Source data
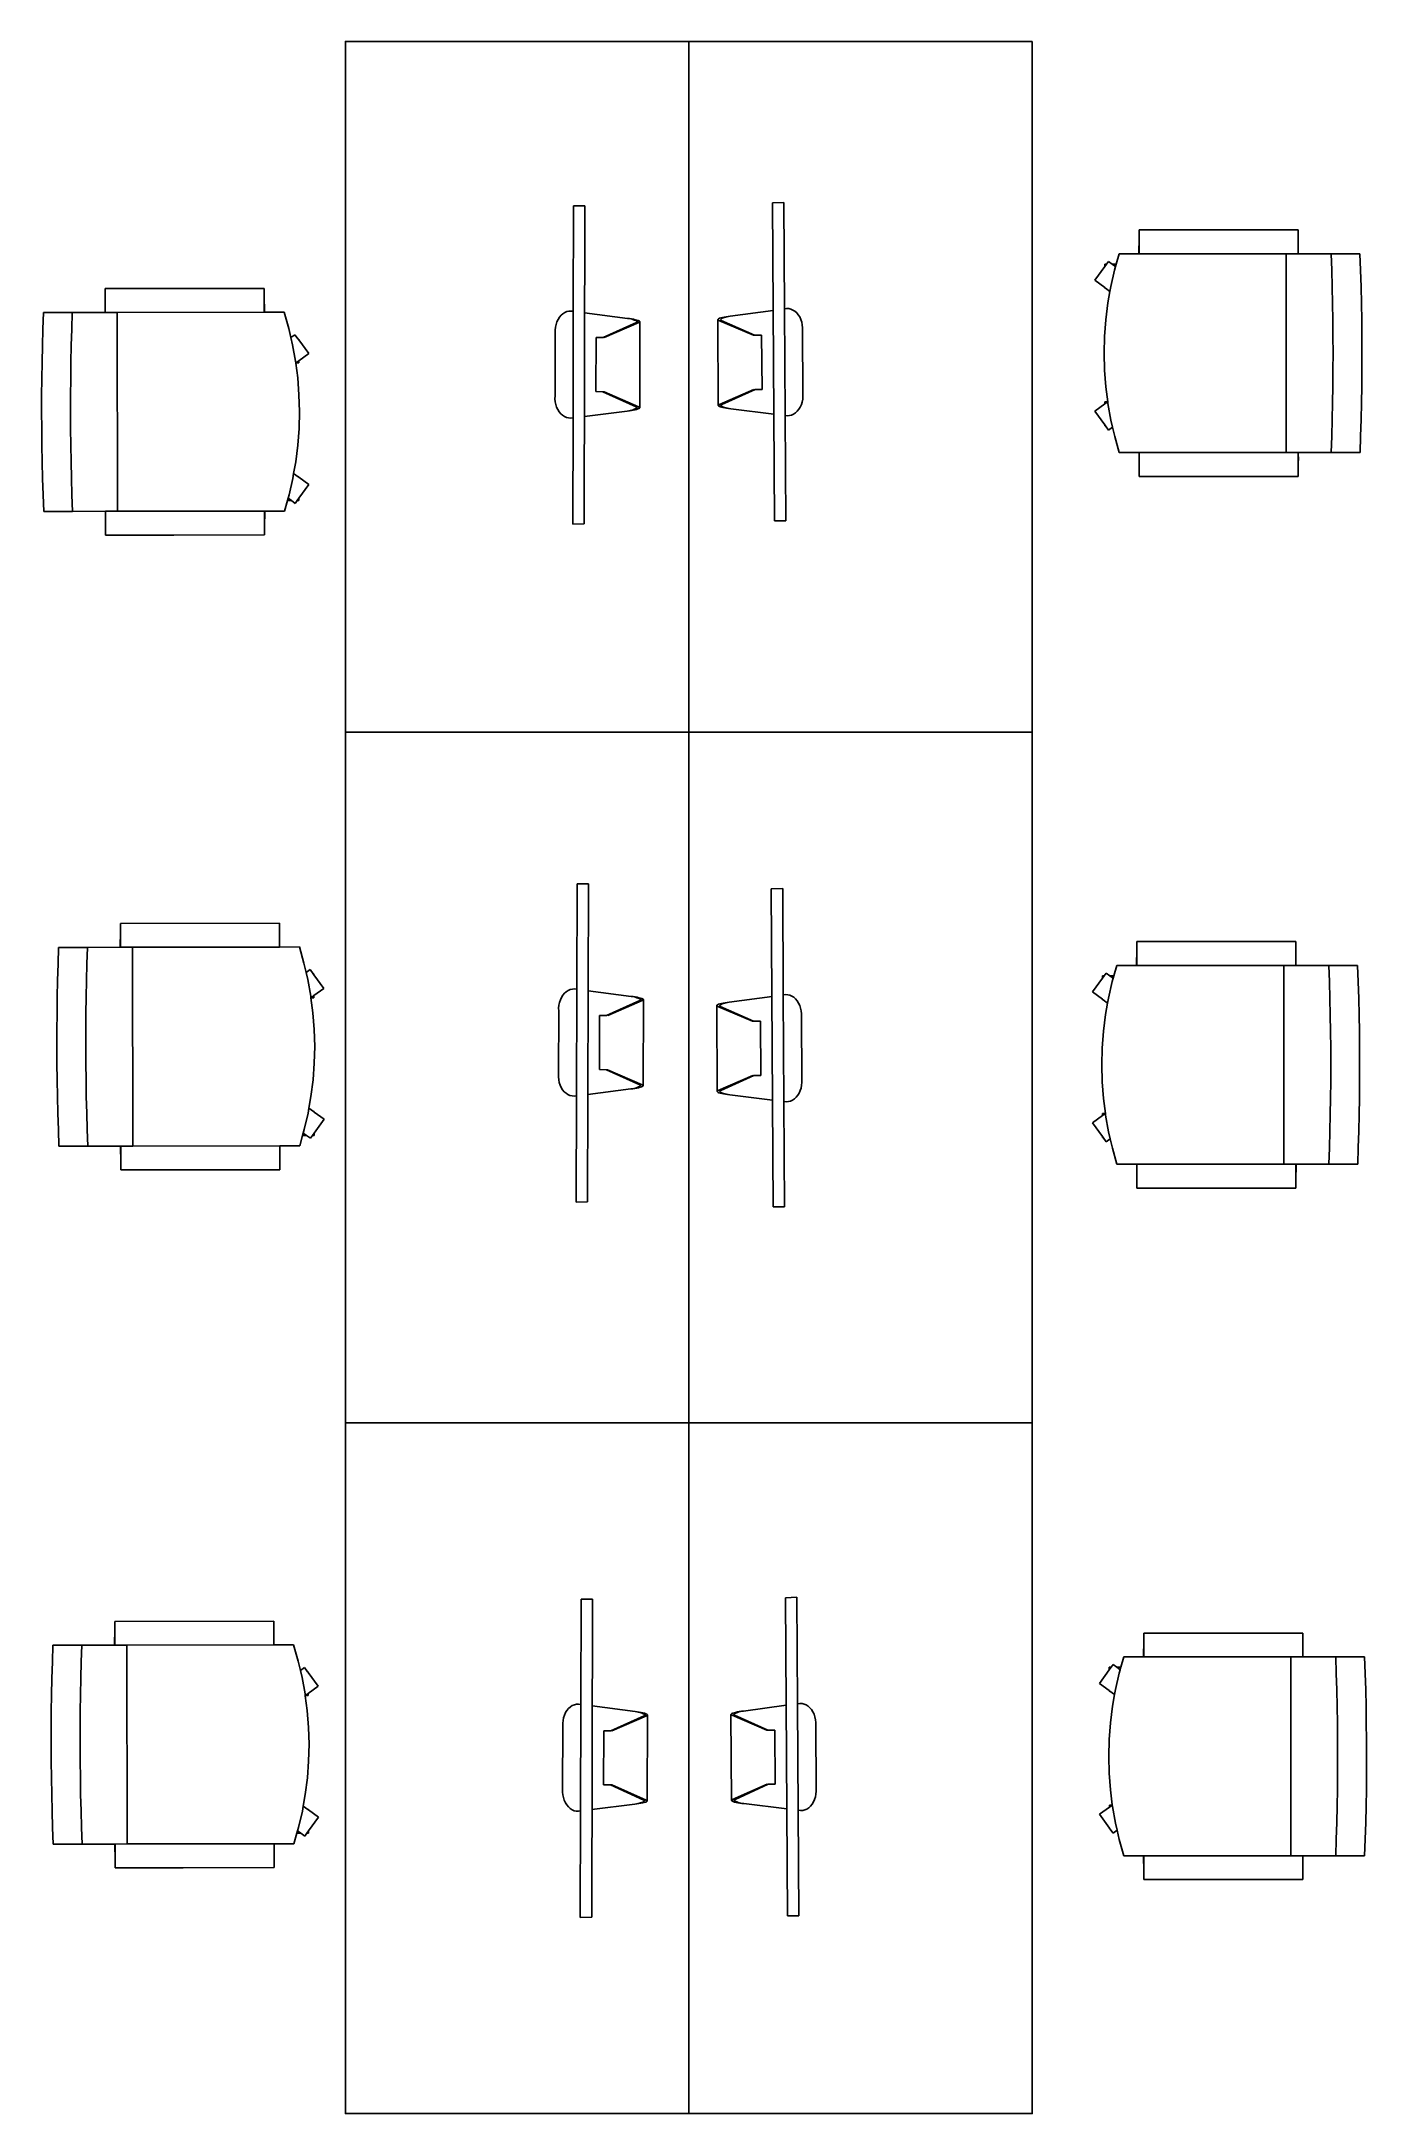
# Model space of a CAD drawing. Header units: inches. Extents: x 5.68 to 8.39, y 2.74 to 6.97.
import ezdxf

# ---------------------------------------------------------------- set-up
doc = ezdxf.new("R2010")
doc.units = ezdxf.units.IN
doc.header["$MEASUREMENT"] = 0
doc.layers.add('Edges', color=7, linetype='Continuous')

# ---------------------------------------------------------------- blocks, each defined once
blk = doc.blocks.new('offichairpl')
at = {"layer": 'Edges'}
for p, q in [((944.9056, 1724.3437), (944.9418, 1724.345)), ((944.9056, 1724.2806), (944.9056, 1724.3437)), ((944.9418, 1724.345), (944.9779, 1724.3461)), ((944.9779, 1724.3461), (945.0141, 1724.3469)), ((945.0141, 1724.3469), (945.0504, 1724.3475)), ((945.0504, 1724.3475), (945.0866, 1724.3478)), ((945.0866, 1724.3478), (945.1229, 1724.3479)), ((945.1229, 1724.3479), (945.1591, 1724.3478)), ((945.1591, 1724.3478), (945.1954, 1724.3475)), ((945.1954, 1724.3475), (945.2316, 1724.3469)), ((945.2316, 1724.3469), (945.2678, 1724.3461)), ((945.2678, 1724.3461), (945.3039, 1724.345)), ((945.3039, 1724.345), (945.3401, 1724.3437)), ((945.3401, 1724.2806), (945.3401, 1724.3437)), ((945.0141, 1724.2838), (945.0504, 1724.2843)), ((945.0504, 1724.2843), (945.0866, 1724.2847)), ((945.0866, 1724.2847), (945.1229, 1724.2848)), ((945.1229, 1724.2848), (945.1591, 1724.2847)), ((945.1591, 1724.2847), (945.1954, 1724.2843)), ((945.1954, 1724.2843), (945.2316, 1724.2838)), ((944.9056, 1724.2806), (944.9418, 1724.2819)), ((944.9056, 1724.2806), (944.9056, 1724.2089)), ((944.9418, 1724.2819), (944.9779, 1724.2829)), ((944.9779, 1724.2829), (945.0141, 1724.2838)), ((945.2316, 1724.2838), (945.2678, 1724.2829)), ((945.2678, 1724.2829), (945.3039, 1724.2819)), ((945.3039, 1724.2819), (945.3401, 1724.2806)), ((945.3401, 1724.2089), (945.3401, 1724.2806)), ((944.8883, 1724.2086), (944.8535, 1724.2086)), ((944.8535, 1724.2086), (944.8535, 1724.1198)), ((944.8883, 1724.2089), (944.8883, 1724.2086)), ((944.9056, 1724.2089), (944.8883, 1724.2089)), ((944.9056, 1724.2086), (944.8883, 1724.2086)), ((944.9056, 1724.2089), (944.9056, 1724.2086)), ((944.9056, 1724.1823), (944.9056, 1724.2086)), ((945.3401, 1724.2086), (945.3401, 1724.2089)), ((945.3401, 1724.2089), (945.3574, 1724.2089)), ((945.3401, 1724.2086), (945.3574, 1724.2086)), ((945.3401, 1724.1823), (945.3401, 1724.2086)), ((945.3574, 1724.2086), (945.3574, 1724.2089)), ((945.3574, 1724.2086), (945.3922, 1724.2086)), ((945.3922, 1724.2086), (945.3922, 1723.861)), ((944.9056, 1724.1823), (945.3401, 1724.1823)), ((944.9056, 1724.1823), (944.9056, 1723.861)), ((945.3401, 1723.861), (945.3401, 1724.1823)), ((944.8535, 1724.1198), (944.8535, 1724.1133)), ((944.8535, 1724.1133), (944.8535, 1724.0596)), ((944.8535, 1724.0596), (944.8535, 1723.861)), ((944.8535, 1723.861), (944.8883, 1723.861)), ((944.8883, 1723.861), (944.8883, 1723.8607)), ((944.9056, 1723.861), (944.8883, 1723.861)), ((944.9056, 1723.8607), (944.8883, 1723.8607)), ((944.9056, 1723.861), (944.9056, 1723.8607)), ((944.9056, 1723.8607), (944.9056, 1723.8176)), ((945.3401, 1723.861), (945.3574, 1723.861)), ((945.3401, 1723.8607), (945.3401, 1723.861)), ((945.3401, 1723.8176), (945.3401, 1723.8607)), ((945.3401, 1723.8607), (945.3574, 1723.8607)), ((945.3574, 1723.861), (945.3574, 1723.8607)), ((945.3574, 1723.861), (945.3922, 1723.861)), ((944.9056, 1723.8176), (944.9283, 1723.8111)), ((944.9283, 1723.8024), (944.9222, 1723.794)), ((944.9283, 1723.7896), (944.9222, 1723.794)), ((944.9283, 1723.8111), (944.9335, 1723.8096)), ((944.9283, 1723.8024), (944.9283, 1723.8111)), ((944.9335, 1723.8096), (944.9283, 1723.8024)), ((944.9335, 1723.7858), (944.9283, 1723.7896)), ((944.9283, 1723.7896), (944.9283, 1723.7858)), ((944.9335, 1723.7858), (944.9283, 1723.7858)), ((944.9335, 1723.8096), (944.941, 1723.8075)), ((944.9635, 1723.764), (944.9335, 1723.7858)), ((944.941, 1723.8075), (944.9768, 1723.7992)), ((944.9793, 1723.7858), (944.9635, 1723.764)), ((944.9768, 1723.7992), (944.9877, 1723.7973)), ((944.9804, 1723.7873), (944.9793, 1723.7858)), ((944.9804, 1723.7858), (944.9793, 1723.7858)), ((944.9877, 1723.7973), (944.9804, 1723.7873)), ((944.9804, 1723.7873), (944.9804, 1723.7858)), ((944.9877, 1723.7973), (945.013, 1723.7928)), ((945.013, 1723.7928), (945.0495, 1723.7881)), ((945.0495, 1723.7881), (945.0861, 1723.7854)), ((945.1596, 1723.7854), (945.1963, 1723.7881)), ((945.1963, 1723.7881), (945.229, 1723.7923)), ((945.229, 1723.7923), (945.2327, 1723.7928)), ((945.229, 1723.7923), (945.2293, 1723.7918)), ((945.2293, 1723.7918), (945.2337, 1723.7858)), ((945.2293, 1723.7918), (945.2293, 1723.7858)), ((945.2337, 1723.7858), (945.2293, 1723.7858)), ((945.2327, 1723.7928), (945.2689, 1723.7992)), ((945.2337, 1723.7858), (945.2495, 1723.764)), ((945.2795, 1723.7858), (945.2495, 1723.764)), ((945.2689, 1723.7992), (945.2844, 1723.8028)), ((945.2814, 1723.7872), (945.2795, 1723.7858)), ((945.2814, 1723.7858), (945.2795, 1723.7858)), ((945.2908, 1723.794), (945.2814, 1723.7872)), ((945.2814, 1723.7872), (945.2814, 1723.7858)), ((945.2844, 1723.8028), (945.3047, 1723.8075)), ((945.2844, 1723.8028), (945.2908, 1723.794)), ((945.3047, 1723.8075), (945.3401, 1723.8176)), ((945.0861, 1723.7854), (945.1229, 1723.7844)), ((945.1229, 1723.7844), (945.1596, 1723.7854))]:
    blk.add_line(p, q, dxfattribs=at)

msp = doc.modelspace()

# ---------------------------------------------------------------- linework, layer by layer
for p, q in [((7.1973, 6.6427), (7.1741, 6.6416)), ((6.7683, 6.6357), (6.7914, 6.6356)), ((6.7665, 5.9857), (6.7897, 5.9866)), ((7.2012, 5.9927), (7.1781, 5.9926)), ((6.7754, 5.252), (6.7986, 5.2519)), ((7.1951, 5.2426), (7.1719, 5.2415)), ((6.7736, 4.602), (6.7968, 4.6029)), ((7.199, 4.5926), (7.1759, 4.5925)), ((6.7838, 3.7923), (6.8069, 3.7922)), ((7.2242, 3.7959), (7.2011, 3.7948)), ((6.782, 3.1423), (6.8052, 3.1432)), ((7.2282, 3.146), (7.205, 3.1458))]:
    msp.add_line(p, q)
at = {"layer": 'Edges'}
for p, q in [((7.1781, 5.9927), (7.1741, 6.6416)), ((7.1973, 6.6427), (7.1986, 6.4253)), ((6.7677, 6.4204), (6.7683, 6.6357)), ((6.7914, 6.6355), (6.7897, 5.9866)), ((6.7313, 6.3878), (6.7307, 6.382)), ((6.7325, 6.3934), (6.7313, 6.3878)), ((6.7342, 6.3988), (6.7325, 6.3934)), ((6.7365, 6.4038), (6.7342, 6.3988)), ((6.7393, 6.4083), (6.7365, 6.4038)), ((6.7426, 6.4122), (6.7393, 6.4083)), ((6.7462, 6.4155), (6.7426, 6.4122)), ((6.7502, 6.4181), (6.7462, 6.4155)), ((6.7544, 6.4199), (6.7502, 6.4181)), ((6.7587, 6.4209), (6.7544, 6.4199)), ((6.7631, 6.421), (6.7587, 6.4209)), ((6.7631, 6.421), (6.7677, 6.4204)), ((6.7671, 6.2031), (6.7677, 6.4204)), ((6.7908, 6.4174), (6.8784, 6.406)), ((6.8966, 6.3973), (6.8285, 6.3668)), ((6.9015, 6.3973), (6.8309, 6.3668)), ((6.8816, 6.4054), (6.8784, 6.406)), ((6.8826, 6.4054), (6.8784, 6.406)), ((6.8848, 6.4048), (6.8816, 6.4054)), ((6.8867, 6.4048), (6.8826, 6.4054)), ((6.8877, 6.4041), (6.8848, 6.4048)), ((6.8906, 6.4041), (6.8867, 6.4048)), ((6.8905, 6.4033), (6.8877, 6.4041)), ((6.8929, 6.4025), (6.8905, 6.4033)), ((6.8942, 6.4033), (6.8906, 6.4041)), ((6.895, 6.4016), (6.8929, 6.4025)), ((6.8974, 6.4025), (6.8942, 6.4033)), ((6.8966, 6.4008), (6.895, 6.4016)), ((6.8979, 6.4), (6.8966, 6.4008)), ((6.8966, 6.3973), (6.898, 6.3979)), ((6.9002, 6.4016), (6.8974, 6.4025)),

Exercise prompt
Give the lines exactly, from the first line of the entries to the line with "doc.layers.add('Edges', color=7, linetype='Continuous')", both ends included. Skip the pictures.

Answer space
# Model space of a CAD drawing. Header units: inches. Extents: x 5.68 to 8.39, y 2.74 to 6.97.
import ezdxf

# ---------------------------------------------------------------- set-up
doc = ezdxf.new("R2010")
doc.units = ezdxf.units.IN
doc.header["$MEASUREMENT"] = 0
doc.layers.add('Edges', color=7, linetype='Continuous')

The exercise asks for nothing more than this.